A lone moored sailboat endures the high winds in Morro Bay Harbor at as a major winter storm hit San Luis Obispo County in January 2021. A La Niña forecast may mean lower-than-normal winter rainfall for the Central Coast.
A lone moored sailboat endures the high winds in Morro Bay Harbor at as a major winter storm hit San Luis Obispo County in January 2021. A La Niña forecast may mean lower-than-normal winter rainfall for the Central Coast. ldickinson@thetribunenews.com

Over the past few months, the U.S. Climate Prediction Center was advertising a neutral condition — the infamous “El nothing” or “El Nada” — or even a slight chance of El Niño that would continue through this winter, with the hope of near-normal amounts of precipitation.
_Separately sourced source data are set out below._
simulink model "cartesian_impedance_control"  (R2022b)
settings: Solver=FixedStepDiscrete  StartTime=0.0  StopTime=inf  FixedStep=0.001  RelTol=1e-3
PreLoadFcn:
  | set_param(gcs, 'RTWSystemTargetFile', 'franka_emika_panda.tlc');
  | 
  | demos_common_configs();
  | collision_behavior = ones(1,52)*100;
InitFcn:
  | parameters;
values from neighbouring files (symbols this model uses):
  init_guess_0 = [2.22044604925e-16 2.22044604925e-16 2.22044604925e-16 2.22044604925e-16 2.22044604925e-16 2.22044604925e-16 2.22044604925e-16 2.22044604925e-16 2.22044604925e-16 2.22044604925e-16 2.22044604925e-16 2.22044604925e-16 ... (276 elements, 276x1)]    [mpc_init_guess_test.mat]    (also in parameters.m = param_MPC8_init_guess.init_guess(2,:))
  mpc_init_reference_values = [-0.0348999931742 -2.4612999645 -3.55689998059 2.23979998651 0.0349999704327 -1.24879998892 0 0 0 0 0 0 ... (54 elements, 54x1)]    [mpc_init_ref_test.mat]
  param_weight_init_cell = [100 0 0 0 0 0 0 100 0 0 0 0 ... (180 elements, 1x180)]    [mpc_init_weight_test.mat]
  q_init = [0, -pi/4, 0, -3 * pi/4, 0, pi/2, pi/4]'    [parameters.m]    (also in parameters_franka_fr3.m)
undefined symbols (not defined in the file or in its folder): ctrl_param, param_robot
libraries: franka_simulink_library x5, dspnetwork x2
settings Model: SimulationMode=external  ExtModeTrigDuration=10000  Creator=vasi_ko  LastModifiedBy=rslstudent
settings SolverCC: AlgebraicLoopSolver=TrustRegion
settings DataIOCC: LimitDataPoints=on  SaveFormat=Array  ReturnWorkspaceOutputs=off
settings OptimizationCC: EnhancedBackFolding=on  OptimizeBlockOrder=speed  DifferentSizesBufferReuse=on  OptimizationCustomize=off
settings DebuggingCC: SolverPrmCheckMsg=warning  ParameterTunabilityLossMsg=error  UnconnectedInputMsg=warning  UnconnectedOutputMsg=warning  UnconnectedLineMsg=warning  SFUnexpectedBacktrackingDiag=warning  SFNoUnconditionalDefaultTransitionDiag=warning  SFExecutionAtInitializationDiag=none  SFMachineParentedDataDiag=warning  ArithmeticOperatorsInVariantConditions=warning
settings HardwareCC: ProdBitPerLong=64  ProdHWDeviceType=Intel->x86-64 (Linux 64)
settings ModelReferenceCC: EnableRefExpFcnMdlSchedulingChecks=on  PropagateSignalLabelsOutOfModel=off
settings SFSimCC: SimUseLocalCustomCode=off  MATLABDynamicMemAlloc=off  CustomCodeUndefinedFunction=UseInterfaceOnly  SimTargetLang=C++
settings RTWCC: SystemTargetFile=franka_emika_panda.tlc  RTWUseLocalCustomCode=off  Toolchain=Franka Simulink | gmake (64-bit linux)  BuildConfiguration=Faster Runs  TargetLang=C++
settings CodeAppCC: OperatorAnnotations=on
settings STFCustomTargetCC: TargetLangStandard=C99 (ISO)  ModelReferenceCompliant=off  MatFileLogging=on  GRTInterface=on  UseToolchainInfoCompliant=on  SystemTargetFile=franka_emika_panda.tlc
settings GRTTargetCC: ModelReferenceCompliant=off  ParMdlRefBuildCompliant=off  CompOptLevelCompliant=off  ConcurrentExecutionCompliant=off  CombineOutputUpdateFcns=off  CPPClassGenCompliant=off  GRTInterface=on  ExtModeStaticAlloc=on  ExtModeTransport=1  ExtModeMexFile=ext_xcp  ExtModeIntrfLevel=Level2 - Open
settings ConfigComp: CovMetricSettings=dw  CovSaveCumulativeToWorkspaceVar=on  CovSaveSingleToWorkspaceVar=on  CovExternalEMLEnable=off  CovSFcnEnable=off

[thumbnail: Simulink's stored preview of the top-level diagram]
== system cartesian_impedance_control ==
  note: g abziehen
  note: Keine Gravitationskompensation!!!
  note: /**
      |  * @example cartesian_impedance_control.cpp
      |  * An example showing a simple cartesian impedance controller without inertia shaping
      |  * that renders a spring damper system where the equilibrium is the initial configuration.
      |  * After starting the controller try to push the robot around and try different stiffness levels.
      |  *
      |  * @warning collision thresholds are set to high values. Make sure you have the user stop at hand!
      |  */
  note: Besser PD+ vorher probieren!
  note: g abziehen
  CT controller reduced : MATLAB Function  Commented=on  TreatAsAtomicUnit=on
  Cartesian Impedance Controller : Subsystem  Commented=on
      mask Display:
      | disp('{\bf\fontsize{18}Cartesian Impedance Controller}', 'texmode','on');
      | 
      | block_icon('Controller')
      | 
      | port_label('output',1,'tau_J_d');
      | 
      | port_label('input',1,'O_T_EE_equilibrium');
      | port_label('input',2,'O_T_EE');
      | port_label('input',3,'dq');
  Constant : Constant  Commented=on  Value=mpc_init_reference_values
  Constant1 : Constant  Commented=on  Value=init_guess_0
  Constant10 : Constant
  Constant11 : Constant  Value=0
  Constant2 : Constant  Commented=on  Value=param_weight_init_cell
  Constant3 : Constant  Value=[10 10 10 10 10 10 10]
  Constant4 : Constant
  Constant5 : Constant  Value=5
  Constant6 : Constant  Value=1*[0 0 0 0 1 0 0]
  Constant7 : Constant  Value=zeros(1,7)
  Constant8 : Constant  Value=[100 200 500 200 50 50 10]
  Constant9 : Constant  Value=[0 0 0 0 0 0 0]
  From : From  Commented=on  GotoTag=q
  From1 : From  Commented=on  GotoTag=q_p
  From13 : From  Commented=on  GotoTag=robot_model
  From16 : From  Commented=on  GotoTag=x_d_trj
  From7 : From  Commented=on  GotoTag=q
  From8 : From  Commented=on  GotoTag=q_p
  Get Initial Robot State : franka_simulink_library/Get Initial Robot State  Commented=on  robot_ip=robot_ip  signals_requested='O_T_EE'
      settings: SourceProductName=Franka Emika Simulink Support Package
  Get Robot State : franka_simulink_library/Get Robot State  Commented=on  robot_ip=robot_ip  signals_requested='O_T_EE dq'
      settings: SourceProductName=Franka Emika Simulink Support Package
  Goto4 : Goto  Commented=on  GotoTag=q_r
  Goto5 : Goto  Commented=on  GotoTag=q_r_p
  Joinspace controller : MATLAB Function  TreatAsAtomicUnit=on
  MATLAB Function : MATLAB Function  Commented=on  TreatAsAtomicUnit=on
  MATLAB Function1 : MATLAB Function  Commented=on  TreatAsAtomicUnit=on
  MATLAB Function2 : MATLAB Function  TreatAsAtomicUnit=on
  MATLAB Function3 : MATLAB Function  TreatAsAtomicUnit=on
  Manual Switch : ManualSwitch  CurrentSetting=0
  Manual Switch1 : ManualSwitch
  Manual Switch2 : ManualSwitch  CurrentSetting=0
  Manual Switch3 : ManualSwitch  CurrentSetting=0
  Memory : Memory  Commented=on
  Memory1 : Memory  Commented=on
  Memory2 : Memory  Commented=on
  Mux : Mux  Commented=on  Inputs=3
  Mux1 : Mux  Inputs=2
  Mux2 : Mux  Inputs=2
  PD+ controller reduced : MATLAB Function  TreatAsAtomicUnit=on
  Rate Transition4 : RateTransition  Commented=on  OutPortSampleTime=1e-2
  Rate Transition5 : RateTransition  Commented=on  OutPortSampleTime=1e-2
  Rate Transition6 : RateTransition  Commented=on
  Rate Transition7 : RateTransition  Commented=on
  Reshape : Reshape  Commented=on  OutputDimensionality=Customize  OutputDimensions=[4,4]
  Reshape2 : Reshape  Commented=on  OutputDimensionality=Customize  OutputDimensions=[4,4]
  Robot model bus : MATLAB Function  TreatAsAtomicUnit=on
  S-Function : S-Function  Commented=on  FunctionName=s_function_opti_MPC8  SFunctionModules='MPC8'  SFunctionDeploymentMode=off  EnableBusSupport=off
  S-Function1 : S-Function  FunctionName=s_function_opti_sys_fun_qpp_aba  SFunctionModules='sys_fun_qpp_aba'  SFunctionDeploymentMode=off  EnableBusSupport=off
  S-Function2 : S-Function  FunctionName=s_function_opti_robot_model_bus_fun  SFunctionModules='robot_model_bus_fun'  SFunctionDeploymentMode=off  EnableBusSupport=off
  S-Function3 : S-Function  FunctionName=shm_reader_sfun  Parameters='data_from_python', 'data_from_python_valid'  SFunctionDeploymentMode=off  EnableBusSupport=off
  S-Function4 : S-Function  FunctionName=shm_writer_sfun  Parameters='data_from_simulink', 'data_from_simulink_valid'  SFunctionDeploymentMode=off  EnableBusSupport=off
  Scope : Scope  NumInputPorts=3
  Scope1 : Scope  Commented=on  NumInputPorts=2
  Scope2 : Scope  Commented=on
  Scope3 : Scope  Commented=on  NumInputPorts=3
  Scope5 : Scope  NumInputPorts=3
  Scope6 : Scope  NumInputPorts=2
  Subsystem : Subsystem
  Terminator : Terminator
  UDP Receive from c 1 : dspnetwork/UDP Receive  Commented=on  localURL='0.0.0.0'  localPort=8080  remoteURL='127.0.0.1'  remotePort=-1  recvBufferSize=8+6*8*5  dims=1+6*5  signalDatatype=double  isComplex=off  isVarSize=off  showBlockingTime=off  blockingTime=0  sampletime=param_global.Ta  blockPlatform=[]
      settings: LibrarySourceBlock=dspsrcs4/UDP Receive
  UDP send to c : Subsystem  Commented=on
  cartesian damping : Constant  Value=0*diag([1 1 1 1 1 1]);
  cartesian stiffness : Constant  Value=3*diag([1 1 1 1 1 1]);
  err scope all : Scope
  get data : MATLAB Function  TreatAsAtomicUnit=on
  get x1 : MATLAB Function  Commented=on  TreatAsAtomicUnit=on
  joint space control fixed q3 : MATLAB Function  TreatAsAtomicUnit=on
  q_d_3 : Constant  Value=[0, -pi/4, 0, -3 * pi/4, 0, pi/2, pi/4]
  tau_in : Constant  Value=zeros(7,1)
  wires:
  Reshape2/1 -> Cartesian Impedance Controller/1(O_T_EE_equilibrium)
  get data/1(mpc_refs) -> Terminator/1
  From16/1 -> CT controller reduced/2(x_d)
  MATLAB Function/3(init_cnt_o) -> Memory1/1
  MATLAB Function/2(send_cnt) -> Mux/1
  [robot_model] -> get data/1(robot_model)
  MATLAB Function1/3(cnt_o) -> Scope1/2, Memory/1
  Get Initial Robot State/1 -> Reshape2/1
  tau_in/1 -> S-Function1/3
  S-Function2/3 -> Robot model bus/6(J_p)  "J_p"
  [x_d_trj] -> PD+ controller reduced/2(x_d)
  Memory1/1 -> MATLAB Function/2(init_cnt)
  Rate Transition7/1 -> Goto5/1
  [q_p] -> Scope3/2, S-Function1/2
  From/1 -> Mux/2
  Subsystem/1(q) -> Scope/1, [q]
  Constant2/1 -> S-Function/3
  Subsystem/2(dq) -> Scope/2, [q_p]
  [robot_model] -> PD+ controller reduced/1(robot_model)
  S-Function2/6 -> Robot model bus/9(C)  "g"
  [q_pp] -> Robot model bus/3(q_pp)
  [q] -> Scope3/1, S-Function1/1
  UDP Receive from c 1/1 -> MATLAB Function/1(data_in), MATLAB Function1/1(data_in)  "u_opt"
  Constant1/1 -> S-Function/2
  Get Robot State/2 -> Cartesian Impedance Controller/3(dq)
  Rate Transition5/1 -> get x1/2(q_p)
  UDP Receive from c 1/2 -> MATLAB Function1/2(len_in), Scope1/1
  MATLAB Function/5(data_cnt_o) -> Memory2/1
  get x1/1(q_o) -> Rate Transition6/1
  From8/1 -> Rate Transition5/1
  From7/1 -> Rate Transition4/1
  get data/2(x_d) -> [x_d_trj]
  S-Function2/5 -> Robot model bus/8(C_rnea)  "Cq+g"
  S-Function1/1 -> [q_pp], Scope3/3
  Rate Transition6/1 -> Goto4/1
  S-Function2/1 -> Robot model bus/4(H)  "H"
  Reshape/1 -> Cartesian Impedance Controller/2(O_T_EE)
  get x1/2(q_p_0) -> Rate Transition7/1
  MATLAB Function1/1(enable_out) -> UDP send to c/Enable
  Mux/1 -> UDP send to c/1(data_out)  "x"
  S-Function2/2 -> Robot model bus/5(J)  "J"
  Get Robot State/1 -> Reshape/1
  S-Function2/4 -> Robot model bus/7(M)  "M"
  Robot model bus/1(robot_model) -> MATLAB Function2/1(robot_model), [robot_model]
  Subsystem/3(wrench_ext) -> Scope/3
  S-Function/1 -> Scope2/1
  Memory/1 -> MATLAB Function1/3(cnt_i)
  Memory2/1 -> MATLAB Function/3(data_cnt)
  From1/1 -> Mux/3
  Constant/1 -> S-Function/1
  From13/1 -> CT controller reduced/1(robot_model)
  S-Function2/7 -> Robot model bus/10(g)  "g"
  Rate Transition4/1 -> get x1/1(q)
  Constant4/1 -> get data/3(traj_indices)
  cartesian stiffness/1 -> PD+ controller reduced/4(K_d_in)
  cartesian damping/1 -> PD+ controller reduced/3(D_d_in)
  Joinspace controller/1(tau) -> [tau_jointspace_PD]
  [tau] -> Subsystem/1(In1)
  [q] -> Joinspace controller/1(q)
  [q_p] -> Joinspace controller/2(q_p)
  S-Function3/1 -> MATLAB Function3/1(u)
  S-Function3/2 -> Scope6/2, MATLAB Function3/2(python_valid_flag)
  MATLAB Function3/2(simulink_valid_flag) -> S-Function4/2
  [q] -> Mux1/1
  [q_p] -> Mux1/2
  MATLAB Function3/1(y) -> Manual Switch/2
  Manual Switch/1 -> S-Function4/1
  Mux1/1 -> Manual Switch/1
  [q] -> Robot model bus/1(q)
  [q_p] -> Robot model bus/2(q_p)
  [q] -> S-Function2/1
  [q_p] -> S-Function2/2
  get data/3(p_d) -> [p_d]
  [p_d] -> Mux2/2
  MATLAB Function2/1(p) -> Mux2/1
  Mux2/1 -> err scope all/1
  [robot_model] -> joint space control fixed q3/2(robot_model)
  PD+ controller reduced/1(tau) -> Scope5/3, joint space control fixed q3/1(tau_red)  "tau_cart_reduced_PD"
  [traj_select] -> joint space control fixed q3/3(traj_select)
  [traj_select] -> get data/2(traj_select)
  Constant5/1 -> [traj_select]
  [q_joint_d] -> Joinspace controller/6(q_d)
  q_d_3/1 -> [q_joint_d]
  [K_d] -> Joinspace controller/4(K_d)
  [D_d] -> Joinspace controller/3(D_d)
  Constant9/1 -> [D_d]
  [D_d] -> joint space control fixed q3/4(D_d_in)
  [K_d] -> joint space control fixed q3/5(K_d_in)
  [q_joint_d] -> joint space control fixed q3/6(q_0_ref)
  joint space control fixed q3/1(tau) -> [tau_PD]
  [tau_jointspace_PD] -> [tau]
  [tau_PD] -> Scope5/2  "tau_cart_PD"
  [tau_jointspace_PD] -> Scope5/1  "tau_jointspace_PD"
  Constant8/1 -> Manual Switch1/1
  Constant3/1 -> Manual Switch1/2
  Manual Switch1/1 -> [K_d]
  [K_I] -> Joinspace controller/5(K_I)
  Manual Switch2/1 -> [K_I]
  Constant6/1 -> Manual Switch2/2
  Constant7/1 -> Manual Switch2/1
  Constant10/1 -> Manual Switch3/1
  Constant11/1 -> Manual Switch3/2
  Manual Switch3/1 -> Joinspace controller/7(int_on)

However, last week, the Climate Prediction Center issued a watch for La Niña in the heart of our upcoming rainfall season, November 2021 through March 2022.

In fact, the U.S. National Centers for Environmental Prediction (NCEP) ensemble mean forecast indicates a chance of another La Niña.

Unfortunately, some of these model runs are venturing into moderate La Niña territory, just like last winter.

At this time of the year, these predictions are often accurate. Here’s why.

We are well behind the so-called “spring predictability barrier.”

In spring, the El Niño Southern Oscillation (ENSO) is often in transition from one phase to another.

For example, a La Niña phase could be decaying and passing through a neutral condition to an El Niño condition, or vice versa.

Of course, as you get closer to winter, the models become more accurate because there is less time for inaccurate oceanographic and atmospheric data to be amplified at model initialization.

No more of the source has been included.